To top it all, when the guard on duty, PO1 Dario Son Arias, refused to receive the copy of the said Joint-Inquest Report intended for the arresting officers, respondent prosecutor, flaunting his authority, said to the former that: 'Mo-firma ka ug sa dili, wala ka'y mahimo niini kay ako ni silang i-release" (Whether you sign this or not, there is nothing you can do because I will release them). Aside from that, PO1 Dario Son Arias was firm and straightforward in testifying during the clarificatory hearing that respondent prosecutor together with the Manguerras left the Headquarters, and he even saw respondent prosecutor gave a ride to the Manguerras (TSN, August 26, 1996, pp. 13, 16). It may not be amiss therefore to state that the Manguerras were released by respondent prosecutor even prior to the approval of his joint-inquest report by the City Prosecutor. Such actuations of respondent prosecutor constitute a clear case of gross and serious misconduct which cannot just simply be obliterated by the fact that the case against the Manguerras was finally dismissed. Rather, such conduct, being an example of the kind of gross and flaunting misconduct that undermines the integrity and impartiality of the prosecution service, deserves no other than the ultimate penalty of dismissal under section 22 (c), Rule IV of the Omnibus Rules Implementing Book V of Executive Order No. 292 (Administrative Code of 1987).

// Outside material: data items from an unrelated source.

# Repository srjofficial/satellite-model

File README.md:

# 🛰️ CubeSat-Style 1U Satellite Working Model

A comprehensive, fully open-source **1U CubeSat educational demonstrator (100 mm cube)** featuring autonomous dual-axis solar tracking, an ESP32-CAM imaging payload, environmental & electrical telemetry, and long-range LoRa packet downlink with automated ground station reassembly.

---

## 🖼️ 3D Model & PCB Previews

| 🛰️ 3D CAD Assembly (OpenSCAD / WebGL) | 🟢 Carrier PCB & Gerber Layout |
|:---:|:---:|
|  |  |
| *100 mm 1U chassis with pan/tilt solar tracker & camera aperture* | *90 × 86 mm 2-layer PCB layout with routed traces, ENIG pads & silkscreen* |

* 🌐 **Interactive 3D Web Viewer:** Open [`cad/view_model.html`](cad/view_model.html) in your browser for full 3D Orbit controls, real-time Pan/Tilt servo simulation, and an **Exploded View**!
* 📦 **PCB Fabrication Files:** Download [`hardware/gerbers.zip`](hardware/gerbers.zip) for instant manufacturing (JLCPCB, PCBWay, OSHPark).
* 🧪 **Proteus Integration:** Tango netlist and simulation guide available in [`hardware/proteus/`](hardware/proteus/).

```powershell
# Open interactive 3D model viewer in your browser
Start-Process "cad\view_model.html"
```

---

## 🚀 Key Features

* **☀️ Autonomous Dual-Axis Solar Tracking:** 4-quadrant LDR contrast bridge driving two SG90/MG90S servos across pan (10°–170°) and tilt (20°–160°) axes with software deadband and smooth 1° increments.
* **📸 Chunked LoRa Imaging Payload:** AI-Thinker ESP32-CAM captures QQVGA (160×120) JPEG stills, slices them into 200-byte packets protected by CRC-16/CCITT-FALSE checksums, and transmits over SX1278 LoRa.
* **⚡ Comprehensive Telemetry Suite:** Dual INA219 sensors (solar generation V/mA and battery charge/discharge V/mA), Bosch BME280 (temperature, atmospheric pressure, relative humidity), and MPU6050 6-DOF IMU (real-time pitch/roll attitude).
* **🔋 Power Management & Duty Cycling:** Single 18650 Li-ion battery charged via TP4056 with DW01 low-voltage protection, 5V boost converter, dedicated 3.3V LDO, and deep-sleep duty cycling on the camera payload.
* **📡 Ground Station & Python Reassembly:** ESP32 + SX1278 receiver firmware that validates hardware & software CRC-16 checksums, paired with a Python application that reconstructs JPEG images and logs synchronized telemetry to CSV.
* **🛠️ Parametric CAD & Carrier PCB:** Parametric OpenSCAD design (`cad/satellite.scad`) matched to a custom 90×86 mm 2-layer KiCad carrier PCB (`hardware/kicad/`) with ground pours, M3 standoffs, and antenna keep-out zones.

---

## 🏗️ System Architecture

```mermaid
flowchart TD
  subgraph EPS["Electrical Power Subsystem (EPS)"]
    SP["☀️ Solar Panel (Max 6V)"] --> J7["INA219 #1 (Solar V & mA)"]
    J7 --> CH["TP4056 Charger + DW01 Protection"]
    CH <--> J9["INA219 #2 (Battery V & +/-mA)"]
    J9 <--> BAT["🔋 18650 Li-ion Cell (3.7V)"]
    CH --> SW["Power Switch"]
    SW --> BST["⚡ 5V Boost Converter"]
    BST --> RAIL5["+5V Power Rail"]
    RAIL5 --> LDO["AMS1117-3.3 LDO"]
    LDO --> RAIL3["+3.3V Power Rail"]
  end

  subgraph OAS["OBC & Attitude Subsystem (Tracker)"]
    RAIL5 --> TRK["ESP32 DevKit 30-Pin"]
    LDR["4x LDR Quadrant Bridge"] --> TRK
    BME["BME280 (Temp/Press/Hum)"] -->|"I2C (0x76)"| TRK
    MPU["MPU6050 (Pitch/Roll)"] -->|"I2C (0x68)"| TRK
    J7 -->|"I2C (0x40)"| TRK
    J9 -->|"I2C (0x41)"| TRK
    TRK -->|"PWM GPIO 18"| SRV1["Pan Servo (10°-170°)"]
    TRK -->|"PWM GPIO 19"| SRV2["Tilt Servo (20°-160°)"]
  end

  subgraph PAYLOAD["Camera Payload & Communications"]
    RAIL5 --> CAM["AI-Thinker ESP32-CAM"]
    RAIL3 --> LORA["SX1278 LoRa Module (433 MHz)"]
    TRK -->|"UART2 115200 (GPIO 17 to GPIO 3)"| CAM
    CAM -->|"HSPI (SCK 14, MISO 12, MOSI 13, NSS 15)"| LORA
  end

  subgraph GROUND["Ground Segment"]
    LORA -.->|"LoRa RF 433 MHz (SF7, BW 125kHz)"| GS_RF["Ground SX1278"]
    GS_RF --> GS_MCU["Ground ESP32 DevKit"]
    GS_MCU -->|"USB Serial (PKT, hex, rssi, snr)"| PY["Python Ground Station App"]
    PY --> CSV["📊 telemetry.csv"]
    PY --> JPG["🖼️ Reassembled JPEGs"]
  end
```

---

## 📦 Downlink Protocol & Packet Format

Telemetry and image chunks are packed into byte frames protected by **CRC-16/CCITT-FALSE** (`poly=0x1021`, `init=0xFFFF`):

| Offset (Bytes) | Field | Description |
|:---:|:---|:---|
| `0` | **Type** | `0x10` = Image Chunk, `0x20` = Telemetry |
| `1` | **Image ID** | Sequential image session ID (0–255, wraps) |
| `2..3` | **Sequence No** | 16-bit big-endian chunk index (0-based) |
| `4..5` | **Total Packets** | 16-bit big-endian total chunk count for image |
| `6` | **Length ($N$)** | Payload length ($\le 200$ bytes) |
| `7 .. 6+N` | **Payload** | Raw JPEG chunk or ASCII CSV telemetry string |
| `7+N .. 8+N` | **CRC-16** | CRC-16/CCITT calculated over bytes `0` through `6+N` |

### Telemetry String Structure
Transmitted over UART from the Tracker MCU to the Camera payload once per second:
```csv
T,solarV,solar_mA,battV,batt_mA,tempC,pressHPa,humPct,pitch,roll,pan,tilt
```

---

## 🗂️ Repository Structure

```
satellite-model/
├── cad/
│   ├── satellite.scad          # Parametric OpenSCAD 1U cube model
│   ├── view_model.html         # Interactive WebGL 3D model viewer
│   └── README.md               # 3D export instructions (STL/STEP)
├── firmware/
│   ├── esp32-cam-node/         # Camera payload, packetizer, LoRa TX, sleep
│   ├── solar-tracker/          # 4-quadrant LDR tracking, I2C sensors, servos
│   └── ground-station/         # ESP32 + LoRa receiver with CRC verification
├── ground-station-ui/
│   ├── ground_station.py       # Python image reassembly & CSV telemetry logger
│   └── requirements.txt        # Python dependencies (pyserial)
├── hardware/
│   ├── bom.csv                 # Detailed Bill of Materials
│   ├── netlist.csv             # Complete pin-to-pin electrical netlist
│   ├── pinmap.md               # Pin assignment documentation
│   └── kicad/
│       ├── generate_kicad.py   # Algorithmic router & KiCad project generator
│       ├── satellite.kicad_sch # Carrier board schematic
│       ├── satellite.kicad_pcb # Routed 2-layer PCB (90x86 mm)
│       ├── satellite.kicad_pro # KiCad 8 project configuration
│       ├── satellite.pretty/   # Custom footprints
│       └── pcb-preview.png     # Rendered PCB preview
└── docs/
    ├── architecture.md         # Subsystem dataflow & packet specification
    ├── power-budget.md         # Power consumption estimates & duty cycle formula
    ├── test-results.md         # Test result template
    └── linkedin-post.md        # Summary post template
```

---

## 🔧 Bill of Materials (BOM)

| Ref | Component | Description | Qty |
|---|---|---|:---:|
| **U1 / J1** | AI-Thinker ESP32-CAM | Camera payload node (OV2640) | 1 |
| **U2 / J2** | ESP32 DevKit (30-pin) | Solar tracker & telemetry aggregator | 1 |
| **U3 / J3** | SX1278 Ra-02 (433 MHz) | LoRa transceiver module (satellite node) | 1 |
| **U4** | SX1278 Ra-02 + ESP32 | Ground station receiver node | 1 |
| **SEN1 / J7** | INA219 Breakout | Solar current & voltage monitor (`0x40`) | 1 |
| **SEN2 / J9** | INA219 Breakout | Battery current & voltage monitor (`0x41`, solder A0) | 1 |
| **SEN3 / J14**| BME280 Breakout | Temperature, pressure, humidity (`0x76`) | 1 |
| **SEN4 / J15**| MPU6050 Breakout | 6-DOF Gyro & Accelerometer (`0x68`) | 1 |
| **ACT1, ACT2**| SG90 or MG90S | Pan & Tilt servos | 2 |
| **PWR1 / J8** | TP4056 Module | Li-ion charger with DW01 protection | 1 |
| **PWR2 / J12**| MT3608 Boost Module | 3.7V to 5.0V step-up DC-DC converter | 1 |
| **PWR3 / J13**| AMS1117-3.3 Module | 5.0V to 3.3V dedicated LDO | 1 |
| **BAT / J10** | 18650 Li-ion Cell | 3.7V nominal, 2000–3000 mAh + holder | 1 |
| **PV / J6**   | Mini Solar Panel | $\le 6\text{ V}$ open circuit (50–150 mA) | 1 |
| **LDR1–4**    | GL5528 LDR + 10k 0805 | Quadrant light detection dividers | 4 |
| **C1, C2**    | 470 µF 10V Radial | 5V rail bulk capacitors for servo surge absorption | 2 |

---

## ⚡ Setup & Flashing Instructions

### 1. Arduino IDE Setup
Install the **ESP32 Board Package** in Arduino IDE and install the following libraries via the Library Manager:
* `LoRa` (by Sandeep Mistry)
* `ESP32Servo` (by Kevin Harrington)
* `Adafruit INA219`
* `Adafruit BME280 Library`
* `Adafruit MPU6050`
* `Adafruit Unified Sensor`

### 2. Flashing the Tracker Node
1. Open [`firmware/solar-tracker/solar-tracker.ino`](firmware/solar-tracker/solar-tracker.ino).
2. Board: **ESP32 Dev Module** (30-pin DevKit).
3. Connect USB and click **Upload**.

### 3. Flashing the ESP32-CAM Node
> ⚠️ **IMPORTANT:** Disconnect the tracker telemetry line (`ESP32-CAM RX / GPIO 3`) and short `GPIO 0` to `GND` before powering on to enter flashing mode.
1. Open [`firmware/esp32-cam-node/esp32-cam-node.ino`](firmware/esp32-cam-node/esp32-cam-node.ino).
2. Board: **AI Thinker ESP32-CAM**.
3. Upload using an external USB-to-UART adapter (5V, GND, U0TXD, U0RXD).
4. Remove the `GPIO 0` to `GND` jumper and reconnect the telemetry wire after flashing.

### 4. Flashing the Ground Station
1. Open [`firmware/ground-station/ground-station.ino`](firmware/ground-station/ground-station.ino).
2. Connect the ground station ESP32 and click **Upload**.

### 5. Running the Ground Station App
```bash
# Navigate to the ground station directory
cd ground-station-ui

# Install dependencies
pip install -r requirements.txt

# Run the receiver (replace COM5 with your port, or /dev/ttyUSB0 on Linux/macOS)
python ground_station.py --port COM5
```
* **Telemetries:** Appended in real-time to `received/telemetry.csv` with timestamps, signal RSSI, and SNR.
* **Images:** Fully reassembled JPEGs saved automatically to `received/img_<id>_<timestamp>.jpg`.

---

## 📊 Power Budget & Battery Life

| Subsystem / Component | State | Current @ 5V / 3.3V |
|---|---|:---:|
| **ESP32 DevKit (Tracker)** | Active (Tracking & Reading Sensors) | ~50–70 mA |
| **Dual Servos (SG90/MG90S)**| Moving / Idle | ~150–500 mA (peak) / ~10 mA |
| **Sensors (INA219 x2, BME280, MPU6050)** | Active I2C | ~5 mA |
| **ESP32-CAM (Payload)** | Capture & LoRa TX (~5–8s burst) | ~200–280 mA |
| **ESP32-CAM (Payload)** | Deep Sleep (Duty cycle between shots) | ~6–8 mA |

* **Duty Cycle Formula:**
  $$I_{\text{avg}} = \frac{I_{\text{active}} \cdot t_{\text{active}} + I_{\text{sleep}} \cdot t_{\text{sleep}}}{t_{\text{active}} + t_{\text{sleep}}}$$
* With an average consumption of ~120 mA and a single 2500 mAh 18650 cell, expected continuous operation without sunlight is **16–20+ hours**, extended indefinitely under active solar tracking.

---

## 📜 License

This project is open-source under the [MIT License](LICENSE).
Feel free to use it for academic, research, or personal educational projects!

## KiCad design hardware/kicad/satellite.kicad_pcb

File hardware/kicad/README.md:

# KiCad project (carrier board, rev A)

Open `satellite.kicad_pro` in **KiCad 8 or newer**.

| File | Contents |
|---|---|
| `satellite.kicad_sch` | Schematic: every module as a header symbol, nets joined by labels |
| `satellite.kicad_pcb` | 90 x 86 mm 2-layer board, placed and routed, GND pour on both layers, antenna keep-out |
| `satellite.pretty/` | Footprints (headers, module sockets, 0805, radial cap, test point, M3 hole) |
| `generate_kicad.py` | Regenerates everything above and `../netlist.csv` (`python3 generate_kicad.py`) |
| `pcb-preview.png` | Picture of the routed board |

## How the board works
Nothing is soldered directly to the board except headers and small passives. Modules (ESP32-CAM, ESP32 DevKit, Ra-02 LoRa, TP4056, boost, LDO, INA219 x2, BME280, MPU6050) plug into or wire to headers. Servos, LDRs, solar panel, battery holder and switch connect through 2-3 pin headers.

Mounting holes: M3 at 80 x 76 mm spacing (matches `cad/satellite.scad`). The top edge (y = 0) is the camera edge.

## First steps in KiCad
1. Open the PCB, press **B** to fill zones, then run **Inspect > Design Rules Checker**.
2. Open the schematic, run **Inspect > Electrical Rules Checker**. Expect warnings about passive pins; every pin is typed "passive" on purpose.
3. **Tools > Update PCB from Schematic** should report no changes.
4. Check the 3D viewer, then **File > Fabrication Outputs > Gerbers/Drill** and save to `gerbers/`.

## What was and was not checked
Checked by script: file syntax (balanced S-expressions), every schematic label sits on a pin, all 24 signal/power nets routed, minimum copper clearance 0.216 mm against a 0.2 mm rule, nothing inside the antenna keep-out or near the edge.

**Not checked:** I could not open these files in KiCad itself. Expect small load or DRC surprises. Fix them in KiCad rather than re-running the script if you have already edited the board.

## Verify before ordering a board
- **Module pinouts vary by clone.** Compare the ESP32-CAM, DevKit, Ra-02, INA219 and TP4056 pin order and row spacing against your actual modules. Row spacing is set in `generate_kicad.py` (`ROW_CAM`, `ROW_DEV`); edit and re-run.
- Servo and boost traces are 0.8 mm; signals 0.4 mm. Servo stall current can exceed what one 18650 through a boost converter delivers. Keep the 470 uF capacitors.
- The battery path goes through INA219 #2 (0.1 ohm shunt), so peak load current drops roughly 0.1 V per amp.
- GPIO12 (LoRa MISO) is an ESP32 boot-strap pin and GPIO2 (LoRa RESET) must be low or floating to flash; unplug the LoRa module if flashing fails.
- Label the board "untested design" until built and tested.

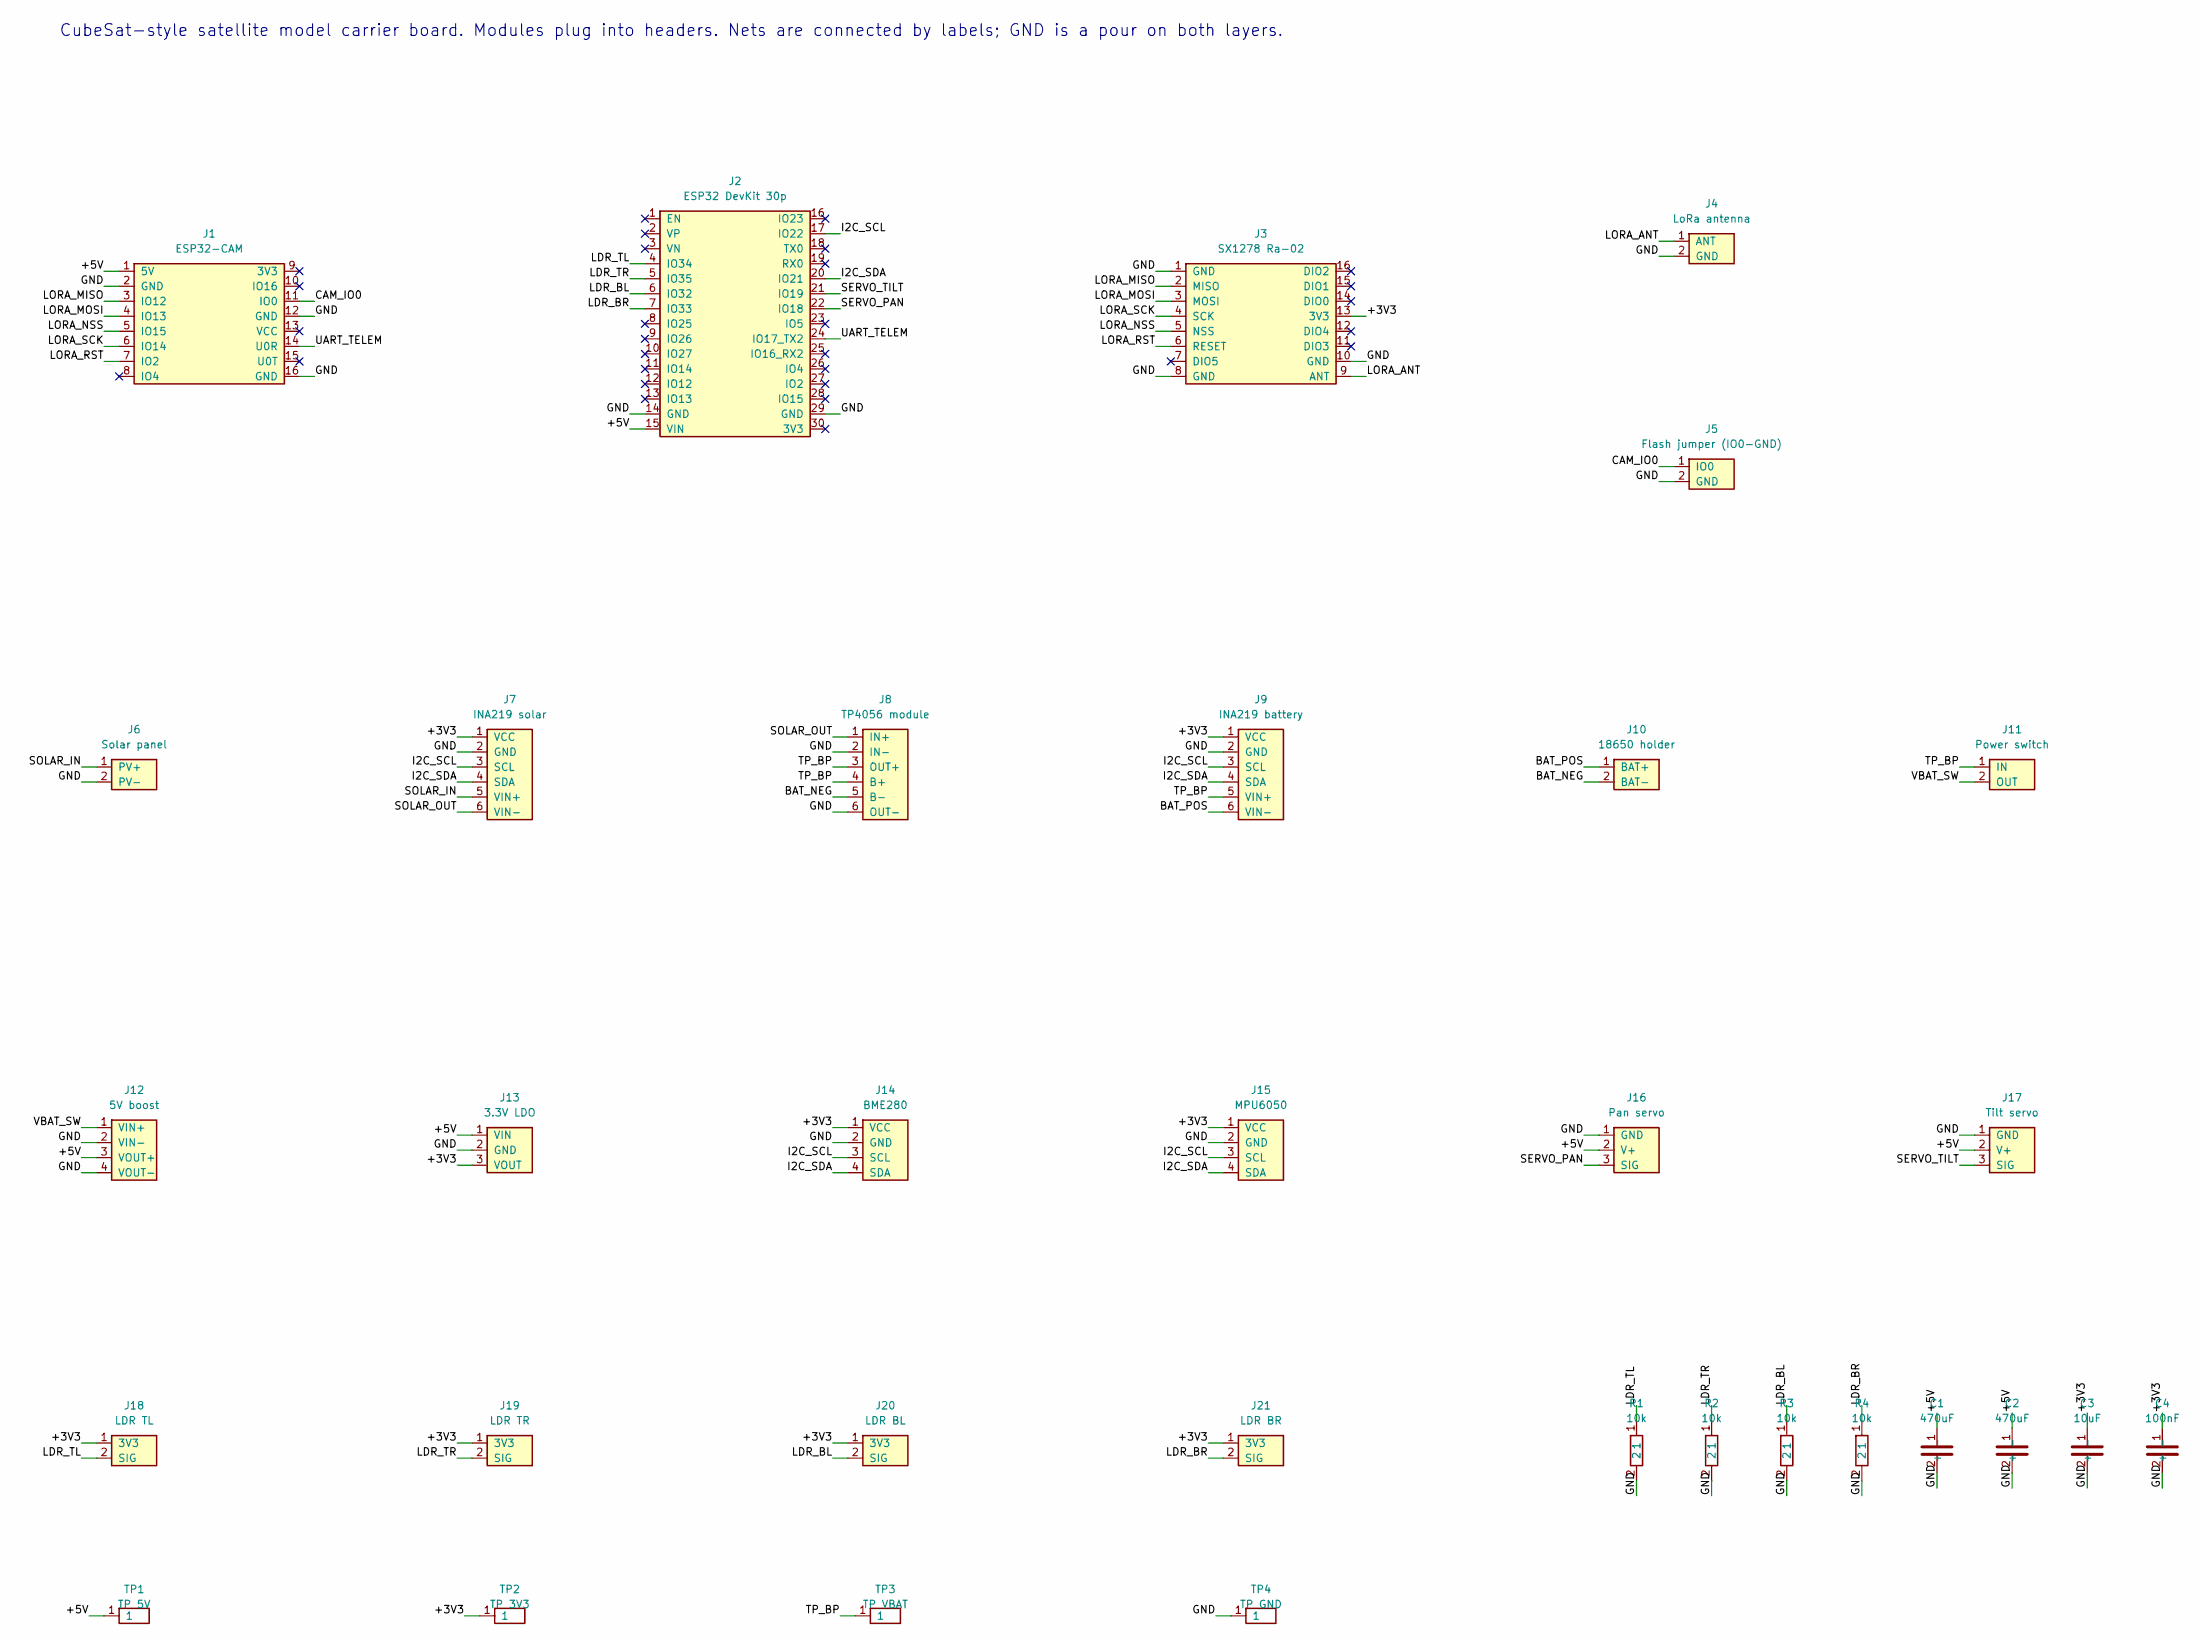
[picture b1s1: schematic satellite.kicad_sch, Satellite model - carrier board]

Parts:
C1, C2: 470uF; CP_Radial_D8.0mm_P3.50mm
C3: 10uF; C_0805
C4: 100nF; C_0805
J1: ESP32-CAM; ESP32-CAM_Socket_2x08_Row22.86mm
J2: ESP32 DevKit 30p; ESP32_DevKit_30pin_Socket_Row22.86mm
J3: SX1278 Ra-02; SX1278_RA-02_2x08_P2.00mm_Row16mm
J4: LoRa antenna; Header_1x02_P2.54mm_XAxis
J5: Flash jumper (IO0-GND); Header_1x02_P2.54mm_XAxis
J6: Solar panel; Header_1x02_P2.54mm_XAxis
J7: INA219 solar; Header_1x06_P2.54mm_XAxis
J8: TP4056 module; Header_1x06_P2.54mm_XAxis
J9: INA219 battery; Header_1x06_P2.54mm_XAxis
J10: 18650 holder; Header_1x02_P2.54mm_XAxis
J11: Power switch; Header_1x02_P2.54mm_XAxis
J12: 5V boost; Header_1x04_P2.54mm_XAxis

It bear stressing that as a public prosecutor, respondent prosecutor owes it to the people to help in the preservation and maintenance of the integrity of the administration of justice. He is therefore, expected to exhibit the highest sense of honesty, integrity, efficiency and competence in the performance of his official duty. Sad to say, under the circumstances, respondent prosecutor failed to live up to these highest ethical standards. By committing the questioned acts, respondent prosecutor undermined the integrity of the service and jeopardized the public's faith in the impartiality of the prosecution office. By his conduct, he even bolstered the public perception that when it comes to the prosecution of the rich and influential persons, there is a double standard of justice, i.e. one for the rich and the other for the poor. His actuations in the premises destroy the very image of the prosecution service and henceforth, shall not be countenanced by this Department."
I concur with the findings of the Secretary of Justice.